Aim of the task: From the line below that contains "#44=VECTOR('',#43,1.);" to the line that contains "#51=CARTESIAN_POINT('',(2.1,0.,0.));", repeat every line exactly, both ends included, and nothing else.

Dataset excerpts START

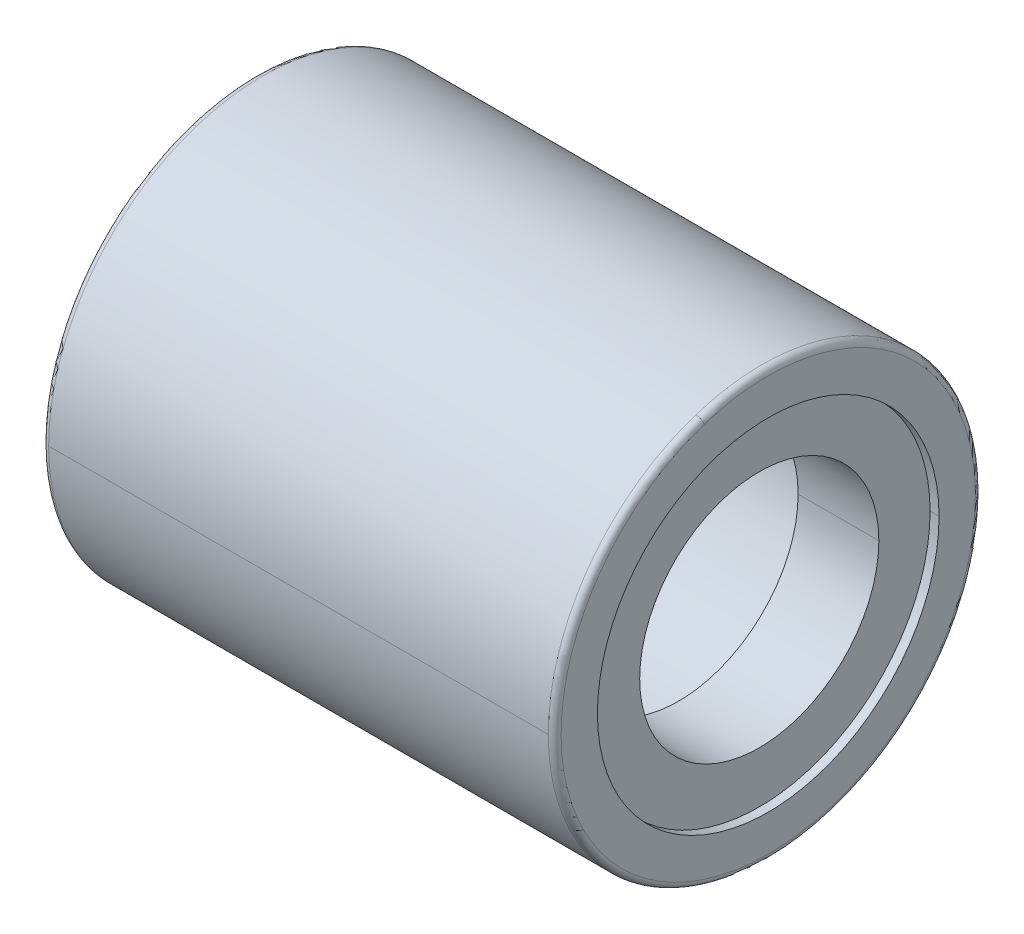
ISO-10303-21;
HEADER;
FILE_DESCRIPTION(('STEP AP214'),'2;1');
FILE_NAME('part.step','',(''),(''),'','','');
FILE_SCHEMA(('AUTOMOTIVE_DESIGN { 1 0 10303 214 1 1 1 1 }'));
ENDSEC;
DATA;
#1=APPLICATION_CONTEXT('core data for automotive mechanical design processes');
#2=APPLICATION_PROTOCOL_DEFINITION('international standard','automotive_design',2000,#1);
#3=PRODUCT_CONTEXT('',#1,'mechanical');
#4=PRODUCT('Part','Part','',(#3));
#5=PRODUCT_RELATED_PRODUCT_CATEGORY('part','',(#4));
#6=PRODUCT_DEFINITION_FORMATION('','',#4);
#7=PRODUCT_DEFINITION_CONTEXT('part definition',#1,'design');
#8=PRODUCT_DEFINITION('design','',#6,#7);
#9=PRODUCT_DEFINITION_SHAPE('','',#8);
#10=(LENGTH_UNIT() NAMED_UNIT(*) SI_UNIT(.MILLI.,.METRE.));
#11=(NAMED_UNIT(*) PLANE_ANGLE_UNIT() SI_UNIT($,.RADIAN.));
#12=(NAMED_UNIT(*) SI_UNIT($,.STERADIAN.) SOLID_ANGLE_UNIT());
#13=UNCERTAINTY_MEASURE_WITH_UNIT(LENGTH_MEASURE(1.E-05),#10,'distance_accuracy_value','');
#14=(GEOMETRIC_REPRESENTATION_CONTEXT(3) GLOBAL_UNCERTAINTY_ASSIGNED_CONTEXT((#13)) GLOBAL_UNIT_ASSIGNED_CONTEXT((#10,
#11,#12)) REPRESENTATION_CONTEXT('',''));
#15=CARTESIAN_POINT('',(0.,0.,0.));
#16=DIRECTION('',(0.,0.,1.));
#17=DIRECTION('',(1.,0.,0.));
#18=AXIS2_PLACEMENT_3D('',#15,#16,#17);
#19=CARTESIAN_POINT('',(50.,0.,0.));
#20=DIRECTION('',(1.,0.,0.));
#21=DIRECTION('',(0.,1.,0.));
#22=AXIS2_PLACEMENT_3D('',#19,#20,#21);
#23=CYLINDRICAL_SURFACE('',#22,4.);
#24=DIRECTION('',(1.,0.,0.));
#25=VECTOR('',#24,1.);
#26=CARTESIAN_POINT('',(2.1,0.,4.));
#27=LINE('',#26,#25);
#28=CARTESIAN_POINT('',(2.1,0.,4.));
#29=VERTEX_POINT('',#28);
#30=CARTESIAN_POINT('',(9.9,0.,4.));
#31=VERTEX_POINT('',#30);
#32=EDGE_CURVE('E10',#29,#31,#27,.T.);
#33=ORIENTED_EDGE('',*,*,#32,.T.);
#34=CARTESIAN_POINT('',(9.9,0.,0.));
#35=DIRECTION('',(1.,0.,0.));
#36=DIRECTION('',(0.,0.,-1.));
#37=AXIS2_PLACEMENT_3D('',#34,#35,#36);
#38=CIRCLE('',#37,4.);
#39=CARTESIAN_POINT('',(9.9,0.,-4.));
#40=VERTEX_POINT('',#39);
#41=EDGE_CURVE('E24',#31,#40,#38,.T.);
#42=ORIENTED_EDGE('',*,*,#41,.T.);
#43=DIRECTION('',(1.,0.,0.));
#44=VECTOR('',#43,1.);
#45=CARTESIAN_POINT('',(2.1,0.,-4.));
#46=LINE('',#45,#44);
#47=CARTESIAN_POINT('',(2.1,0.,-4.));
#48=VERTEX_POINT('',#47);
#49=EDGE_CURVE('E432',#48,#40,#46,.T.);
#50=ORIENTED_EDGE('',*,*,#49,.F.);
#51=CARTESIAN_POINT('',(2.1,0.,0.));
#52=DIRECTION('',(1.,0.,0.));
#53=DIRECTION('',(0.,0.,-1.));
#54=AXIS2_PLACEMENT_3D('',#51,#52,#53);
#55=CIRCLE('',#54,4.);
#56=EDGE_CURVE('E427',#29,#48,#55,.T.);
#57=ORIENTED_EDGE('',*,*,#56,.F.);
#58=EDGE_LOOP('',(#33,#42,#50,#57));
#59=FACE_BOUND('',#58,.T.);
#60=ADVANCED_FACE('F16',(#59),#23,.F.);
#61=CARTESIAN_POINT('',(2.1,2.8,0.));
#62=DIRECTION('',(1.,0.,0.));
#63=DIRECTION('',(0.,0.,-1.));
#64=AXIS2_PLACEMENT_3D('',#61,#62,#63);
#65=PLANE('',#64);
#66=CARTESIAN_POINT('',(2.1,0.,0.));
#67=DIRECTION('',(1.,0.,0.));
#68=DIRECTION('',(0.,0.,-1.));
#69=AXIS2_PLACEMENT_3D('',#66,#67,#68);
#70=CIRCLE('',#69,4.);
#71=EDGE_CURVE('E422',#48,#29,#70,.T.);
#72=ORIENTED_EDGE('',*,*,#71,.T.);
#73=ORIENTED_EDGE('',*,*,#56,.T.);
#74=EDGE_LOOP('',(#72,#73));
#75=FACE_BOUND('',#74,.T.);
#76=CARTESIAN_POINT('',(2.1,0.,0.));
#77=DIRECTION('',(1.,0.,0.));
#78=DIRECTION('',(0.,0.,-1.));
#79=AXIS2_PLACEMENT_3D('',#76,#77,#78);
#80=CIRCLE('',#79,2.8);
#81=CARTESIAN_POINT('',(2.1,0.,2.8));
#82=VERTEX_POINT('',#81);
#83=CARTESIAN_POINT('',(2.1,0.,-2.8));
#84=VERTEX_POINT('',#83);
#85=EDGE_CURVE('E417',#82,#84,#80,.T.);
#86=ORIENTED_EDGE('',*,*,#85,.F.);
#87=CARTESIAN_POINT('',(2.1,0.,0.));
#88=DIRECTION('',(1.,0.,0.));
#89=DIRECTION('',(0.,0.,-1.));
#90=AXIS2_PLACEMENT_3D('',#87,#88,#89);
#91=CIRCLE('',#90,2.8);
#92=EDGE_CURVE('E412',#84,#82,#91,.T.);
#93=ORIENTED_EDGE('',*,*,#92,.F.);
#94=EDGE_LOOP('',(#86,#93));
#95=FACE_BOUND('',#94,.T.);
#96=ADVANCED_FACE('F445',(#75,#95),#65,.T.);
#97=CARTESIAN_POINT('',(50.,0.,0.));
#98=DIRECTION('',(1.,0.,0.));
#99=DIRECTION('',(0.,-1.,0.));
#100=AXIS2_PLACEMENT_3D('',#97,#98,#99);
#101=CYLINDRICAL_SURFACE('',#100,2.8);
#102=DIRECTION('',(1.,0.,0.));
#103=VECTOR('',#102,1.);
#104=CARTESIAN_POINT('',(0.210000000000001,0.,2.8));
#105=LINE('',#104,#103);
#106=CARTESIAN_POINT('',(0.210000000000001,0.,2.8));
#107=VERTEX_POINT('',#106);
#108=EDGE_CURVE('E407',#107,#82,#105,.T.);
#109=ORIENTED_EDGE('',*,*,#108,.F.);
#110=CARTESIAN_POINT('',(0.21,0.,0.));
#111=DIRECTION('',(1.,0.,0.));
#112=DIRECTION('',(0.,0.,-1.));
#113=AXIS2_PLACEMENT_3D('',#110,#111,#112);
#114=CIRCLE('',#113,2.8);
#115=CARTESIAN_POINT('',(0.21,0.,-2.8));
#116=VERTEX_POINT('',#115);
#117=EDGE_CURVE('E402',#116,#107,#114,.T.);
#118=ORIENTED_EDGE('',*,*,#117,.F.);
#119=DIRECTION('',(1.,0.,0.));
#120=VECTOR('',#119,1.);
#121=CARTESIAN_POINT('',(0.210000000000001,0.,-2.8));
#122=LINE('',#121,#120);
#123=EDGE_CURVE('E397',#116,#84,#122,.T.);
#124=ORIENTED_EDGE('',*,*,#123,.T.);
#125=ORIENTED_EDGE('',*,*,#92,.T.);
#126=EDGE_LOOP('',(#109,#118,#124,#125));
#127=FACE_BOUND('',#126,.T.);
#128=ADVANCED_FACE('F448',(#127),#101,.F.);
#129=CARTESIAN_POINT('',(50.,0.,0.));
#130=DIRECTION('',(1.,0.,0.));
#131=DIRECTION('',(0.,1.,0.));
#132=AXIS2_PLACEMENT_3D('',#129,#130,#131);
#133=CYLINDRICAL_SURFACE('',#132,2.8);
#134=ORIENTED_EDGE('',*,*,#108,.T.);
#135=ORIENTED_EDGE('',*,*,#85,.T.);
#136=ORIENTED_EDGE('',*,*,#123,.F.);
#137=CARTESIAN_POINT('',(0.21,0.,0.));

Dataset excerpts END

Response to the task:
#44=VECTOR('',#43,1.);
#45=CARTESIAN_POINT('',(2.1,0.,-4.));
#46=LINE('',#45,#44);
#47=CARTESIAN_POINT('',(2.1,0.,-4.));
#48=VERTEX_POINT('',#47);
#49=EDGE_CURVE('E432',#48,#40,#46,.T.);
#50=ORIENTED_EDGE('',*,*,#49,.F.);
#51=CARTESIAN_POINT('',(2.1,0.,0.));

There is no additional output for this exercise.